WHAT YOU ARE ASKED TO DO:
If a line in the records below contains the word "linetypes", copy it out.

[INFORMATION GIVEN]

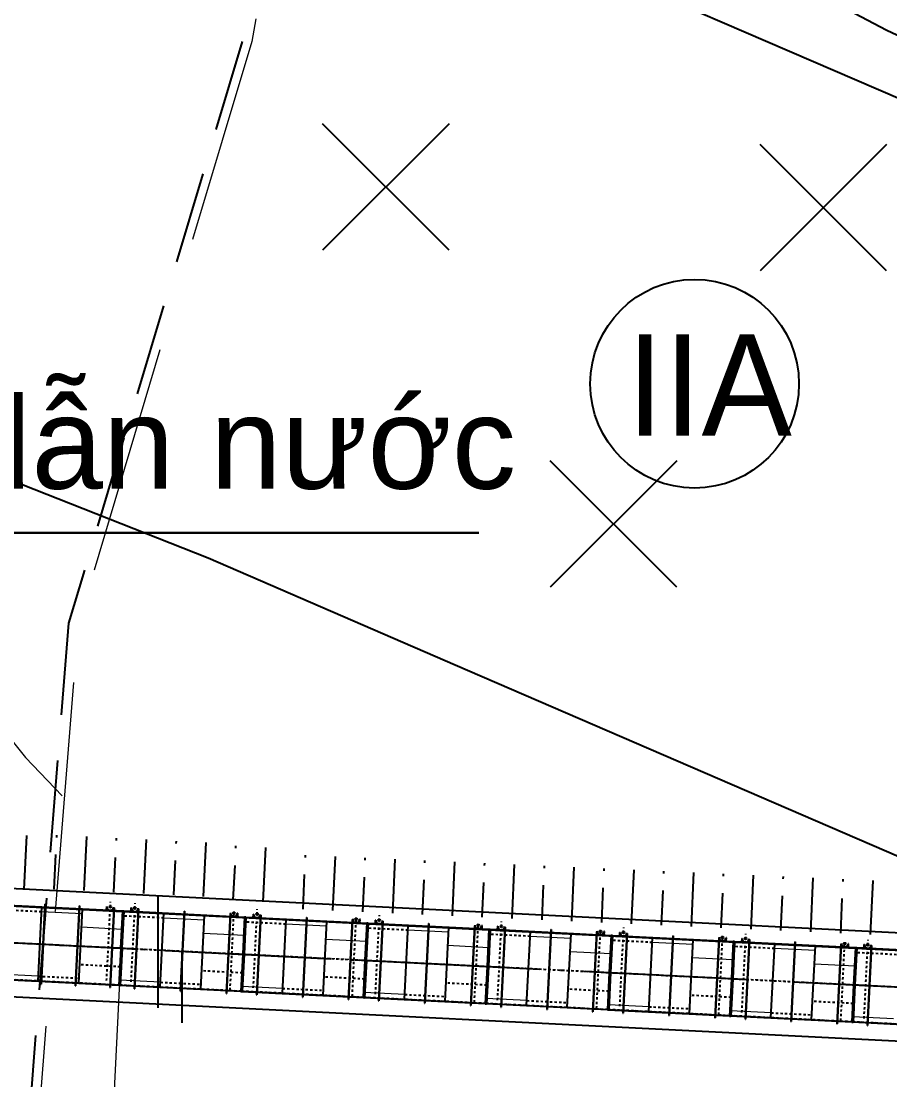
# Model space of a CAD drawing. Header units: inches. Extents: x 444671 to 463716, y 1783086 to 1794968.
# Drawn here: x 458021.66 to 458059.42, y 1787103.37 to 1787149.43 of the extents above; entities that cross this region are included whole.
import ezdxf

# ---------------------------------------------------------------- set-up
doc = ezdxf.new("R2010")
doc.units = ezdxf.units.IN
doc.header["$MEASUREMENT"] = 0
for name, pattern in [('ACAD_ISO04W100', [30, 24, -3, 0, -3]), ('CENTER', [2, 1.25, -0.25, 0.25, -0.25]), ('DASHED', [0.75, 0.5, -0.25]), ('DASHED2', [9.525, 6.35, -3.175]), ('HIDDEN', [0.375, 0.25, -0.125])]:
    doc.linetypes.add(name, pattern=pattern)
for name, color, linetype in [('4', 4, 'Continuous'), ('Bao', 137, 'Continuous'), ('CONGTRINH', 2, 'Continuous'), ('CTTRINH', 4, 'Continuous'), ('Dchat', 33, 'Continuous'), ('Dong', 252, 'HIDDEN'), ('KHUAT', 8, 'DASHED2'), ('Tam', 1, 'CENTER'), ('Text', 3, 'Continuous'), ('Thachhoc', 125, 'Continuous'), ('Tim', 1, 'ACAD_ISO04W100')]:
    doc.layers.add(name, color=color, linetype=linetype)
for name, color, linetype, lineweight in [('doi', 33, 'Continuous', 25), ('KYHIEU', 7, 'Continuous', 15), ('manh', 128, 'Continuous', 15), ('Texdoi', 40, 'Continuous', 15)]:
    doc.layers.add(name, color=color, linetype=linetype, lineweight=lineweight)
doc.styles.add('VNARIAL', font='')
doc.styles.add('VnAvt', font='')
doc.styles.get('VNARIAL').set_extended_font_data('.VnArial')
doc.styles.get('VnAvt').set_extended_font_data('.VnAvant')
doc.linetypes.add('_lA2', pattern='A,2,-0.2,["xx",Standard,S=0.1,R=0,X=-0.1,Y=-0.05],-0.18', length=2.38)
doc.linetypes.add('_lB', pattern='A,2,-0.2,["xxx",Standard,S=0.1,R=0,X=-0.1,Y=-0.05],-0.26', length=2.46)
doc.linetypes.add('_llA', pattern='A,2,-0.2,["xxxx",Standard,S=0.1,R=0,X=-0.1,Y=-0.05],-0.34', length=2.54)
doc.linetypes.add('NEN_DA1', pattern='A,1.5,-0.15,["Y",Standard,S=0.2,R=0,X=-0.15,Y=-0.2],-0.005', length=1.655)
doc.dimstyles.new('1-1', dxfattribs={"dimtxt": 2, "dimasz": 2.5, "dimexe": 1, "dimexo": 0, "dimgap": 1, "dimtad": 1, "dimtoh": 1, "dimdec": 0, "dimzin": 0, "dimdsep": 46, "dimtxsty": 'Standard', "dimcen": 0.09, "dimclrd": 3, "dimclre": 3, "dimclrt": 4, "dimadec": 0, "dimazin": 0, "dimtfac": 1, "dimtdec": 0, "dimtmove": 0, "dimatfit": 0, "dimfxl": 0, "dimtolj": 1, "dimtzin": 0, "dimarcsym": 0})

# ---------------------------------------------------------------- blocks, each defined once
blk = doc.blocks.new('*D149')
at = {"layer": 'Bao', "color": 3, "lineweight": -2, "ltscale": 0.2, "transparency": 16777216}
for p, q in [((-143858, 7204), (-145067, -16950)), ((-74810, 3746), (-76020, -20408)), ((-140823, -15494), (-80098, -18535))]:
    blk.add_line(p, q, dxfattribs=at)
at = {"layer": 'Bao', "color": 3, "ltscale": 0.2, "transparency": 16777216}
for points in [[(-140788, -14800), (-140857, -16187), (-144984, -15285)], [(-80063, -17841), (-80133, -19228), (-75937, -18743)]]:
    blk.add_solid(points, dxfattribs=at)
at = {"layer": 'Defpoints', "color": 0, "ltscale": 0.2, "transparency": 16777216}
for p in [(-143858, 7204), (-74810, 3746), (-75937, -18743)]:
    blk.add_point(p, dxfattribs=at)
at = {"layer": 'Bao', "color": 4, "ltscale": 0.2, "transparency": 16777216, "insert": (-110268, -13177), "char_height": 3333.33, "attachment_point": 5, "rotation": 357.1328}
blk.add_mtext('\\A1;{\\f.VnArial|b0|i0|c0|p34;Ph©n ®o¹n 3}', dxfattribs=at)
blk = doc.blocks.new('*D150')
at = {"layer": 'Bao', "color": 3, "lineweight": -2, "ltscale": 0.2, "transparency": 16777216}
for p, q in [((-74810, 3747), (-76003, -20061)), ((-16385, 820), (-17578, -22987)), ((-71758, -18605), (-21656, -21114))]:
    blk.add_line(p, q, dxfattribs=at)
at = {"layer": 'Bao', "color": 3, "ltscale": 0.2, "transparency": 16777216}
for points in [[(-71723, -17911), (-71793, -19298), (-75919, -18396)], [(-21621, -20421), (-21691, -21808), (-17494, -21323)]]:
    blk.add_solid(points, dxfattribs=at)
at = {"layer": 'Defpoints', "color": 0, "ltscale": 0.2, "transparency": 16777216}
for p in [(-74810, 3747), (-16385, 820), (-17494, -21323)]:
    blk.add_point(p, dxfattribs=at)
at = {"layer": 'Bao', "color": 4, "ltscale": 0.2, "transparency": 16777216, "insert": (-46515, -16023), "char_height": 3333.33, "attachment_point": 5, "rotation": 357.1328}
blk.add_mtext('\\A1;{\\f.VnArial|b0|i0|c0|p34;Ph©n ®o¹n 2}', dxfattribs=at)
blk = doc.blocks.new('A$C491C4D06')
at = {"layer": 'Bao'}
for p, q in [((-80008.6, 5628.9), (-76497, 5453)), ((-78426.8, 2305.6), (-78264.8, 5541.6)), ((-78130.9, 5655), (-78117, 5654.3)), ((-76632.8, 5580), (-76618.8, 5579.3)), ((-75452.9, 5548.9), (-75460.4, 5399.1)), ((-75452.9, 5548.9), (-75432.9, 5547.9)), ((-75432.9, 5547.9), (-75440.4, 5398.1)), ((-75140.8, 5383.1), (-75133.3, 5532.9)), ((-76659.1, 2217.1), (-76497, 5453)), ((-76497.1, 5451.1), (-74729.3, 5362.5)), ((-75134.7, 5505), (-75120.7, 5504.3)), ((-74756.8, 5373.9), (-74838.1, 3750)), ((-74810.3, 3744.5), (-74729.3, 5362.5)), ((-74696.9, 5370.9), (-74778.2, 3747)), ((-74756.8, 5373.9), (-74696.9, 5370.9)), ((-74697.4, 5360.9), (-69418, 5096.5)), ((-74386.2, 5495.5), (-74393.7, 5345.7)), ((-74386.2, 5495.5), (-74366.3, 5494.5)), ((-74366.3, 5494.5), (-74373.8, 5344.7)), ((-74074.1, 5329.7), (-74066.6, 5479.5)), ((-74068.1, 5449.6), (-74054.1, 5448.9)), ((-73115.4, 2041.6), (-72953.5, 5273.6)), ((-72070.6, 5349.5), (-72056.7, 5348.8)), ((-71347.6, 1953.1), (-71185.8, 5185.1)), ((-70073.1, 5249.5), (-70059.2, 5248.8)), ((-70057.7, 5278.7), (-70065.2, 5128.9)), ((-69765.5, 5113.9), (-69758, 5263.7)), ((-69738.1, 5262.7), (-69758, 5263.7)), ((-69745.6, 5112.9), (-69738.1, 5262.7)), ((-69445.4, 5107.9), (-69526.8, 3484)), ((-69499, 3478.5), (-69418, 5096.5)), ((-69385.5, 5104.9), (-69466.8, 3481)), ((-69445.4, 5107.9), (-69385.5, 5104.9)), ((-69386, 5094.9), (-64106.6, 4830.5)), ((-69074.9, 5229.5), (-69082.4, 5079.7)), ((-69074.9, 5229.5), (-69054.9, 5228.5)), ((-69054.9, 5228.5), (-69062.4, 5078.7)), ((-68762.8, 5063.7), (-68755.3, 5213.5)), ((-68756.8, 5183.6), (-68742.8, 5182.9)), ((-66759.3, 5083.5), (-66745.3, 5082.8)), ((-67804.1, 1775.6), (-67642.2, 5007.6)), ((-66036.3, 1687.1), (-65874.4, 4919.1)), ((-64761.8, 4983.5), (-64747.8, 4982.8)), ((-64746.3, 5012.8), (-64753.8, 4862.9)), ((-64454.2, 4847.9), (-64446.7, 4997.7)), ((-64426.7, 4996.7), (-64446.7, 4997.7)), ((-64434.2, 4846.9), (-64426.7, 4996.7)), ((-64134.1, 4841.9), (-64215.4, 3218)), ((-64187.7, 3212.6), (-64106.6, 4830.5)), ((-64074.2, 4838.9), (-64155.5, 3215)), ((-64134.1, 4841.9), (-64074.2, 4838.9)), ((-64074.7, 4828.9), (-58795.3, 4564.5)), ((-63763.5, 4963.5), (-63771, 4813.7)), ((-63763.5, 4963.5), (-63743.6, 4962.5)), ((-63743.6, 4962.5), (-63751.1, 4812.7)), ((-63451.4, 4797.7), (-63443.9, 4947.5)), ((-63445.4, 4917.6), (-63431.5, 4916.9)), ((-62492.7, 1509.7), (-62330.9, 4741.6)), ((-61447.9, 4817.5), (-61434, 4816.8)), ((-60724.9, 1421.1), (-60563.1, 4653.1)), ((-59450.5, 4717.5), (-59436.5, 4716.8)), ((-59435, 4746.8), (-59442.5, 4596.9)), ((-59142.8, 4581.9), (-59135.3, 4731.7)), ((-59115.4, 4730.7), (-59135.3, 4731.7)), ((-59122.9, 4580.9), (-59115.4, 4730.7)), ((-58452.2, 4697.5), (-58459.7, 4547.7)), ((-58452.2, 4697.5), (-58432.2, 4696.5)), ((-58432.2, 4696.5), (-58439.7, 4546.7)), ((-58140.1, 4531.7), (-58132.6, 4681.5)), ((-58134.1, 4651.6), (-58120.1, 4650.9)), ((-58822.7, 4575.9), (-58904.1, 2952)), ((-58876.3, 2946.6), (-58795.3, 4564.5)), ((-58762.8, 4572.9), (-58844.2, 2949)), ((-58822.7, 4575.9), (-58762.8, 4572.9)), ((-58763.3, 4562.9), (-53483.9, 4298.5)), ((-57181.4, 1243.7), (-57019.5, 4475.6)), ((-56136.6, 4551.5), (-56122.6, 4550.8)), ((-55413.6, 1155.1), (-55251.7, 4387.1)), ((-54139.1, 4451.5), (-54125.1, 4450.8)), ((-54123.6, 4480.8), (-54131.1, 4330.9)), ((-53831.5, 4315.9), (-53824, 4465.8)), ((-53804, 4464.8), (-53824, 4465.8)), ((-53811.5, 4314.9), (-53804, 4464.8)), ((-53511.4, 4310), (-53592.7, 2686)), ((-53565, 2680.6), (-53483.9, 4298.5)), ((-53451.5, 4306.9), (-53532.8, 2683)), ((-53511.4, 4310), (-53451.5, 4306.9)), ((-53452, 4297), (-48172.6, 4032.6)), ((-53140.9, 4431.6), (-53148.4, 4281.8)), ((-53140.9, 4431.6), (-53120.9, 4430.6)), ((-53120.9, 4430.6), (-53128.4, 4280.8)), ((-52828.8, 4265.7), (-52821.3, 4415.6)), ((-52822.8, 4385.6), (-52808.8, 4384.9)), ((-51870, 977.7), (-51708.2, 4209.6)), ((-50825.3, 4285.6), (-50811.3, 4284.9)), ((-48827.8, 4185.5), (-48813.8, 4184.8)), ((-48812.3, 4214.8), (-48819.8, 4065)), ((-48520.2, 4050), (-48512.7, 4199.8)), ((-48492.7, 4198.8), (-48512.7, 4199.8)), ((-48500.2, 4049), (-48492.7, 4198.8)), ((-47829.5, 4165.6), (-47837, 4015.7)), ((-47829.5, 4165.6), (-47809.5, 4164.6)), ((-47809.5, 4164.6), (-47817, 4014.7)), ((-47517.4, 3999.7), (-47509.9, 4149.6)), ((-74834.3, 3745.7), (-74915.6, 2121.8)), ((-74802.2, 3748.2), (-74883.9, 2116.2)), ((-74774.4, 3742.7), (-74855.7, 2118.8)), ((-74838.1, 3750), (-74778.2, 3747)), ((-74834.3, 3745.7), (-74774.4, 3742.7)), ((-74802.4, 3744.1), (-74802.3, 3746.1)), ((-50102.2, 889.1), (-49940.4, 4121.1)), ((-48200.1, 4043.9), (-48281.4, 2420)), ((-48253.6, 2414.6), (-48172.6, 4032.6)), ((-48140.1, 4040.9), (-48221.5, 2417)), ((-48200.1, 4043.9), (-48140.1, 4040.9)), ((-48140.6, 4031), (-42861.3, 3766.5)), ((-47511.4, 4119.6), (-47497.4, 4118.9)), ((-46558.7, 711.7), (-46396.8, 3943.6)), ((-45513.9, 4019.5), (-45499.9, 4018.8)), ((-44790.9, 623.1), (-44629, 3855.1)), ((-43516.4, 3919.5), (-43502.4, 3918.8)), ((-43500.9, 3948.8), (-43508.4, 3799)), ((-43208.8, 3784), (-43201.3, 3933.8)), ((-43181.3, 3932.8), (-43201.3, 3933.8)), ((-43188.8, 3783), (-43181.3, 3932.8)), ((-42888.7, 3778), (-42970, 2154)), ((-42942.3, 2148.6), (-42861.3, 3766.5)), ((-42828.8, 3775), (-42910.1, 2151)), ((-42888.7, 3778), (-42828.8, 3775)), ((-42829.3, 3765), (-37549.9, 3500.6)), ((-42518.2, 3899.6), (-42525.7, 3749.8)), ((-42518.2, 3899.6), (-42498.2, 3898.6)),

[/INFORMATION GIVEN]

YOUR RESPONSE:
    doc.linetypes.add(name, pattern=pattern)
doc.linetypes.add('_lA2', pattern='A,2,-0.2,["xx",Standard,S=0.1,R=0,X=-0.1,Y=-0.05],-0.18', length=2.38)
doc.linetypes.add('_lB', pattern='A,2,-0.2,["xxx",Standard,S=0.1,R=0,X=-0.1,Y=-0.05],-0.26', length=2.46)
doc.linetypes.add('_llA', pattern='A,2,-0.2,["xxxx",Standard,S=0.1,R=0,X=-0.1,Y=-0.05],-0.34', length=2.54)
doc.linetypes.add('NEN_DA1', pattern='A,1.5,-0.15,["Y",Standard,S=0.2,R=0,X=-0.15,Y=-0.2],-0.005', length=1.655)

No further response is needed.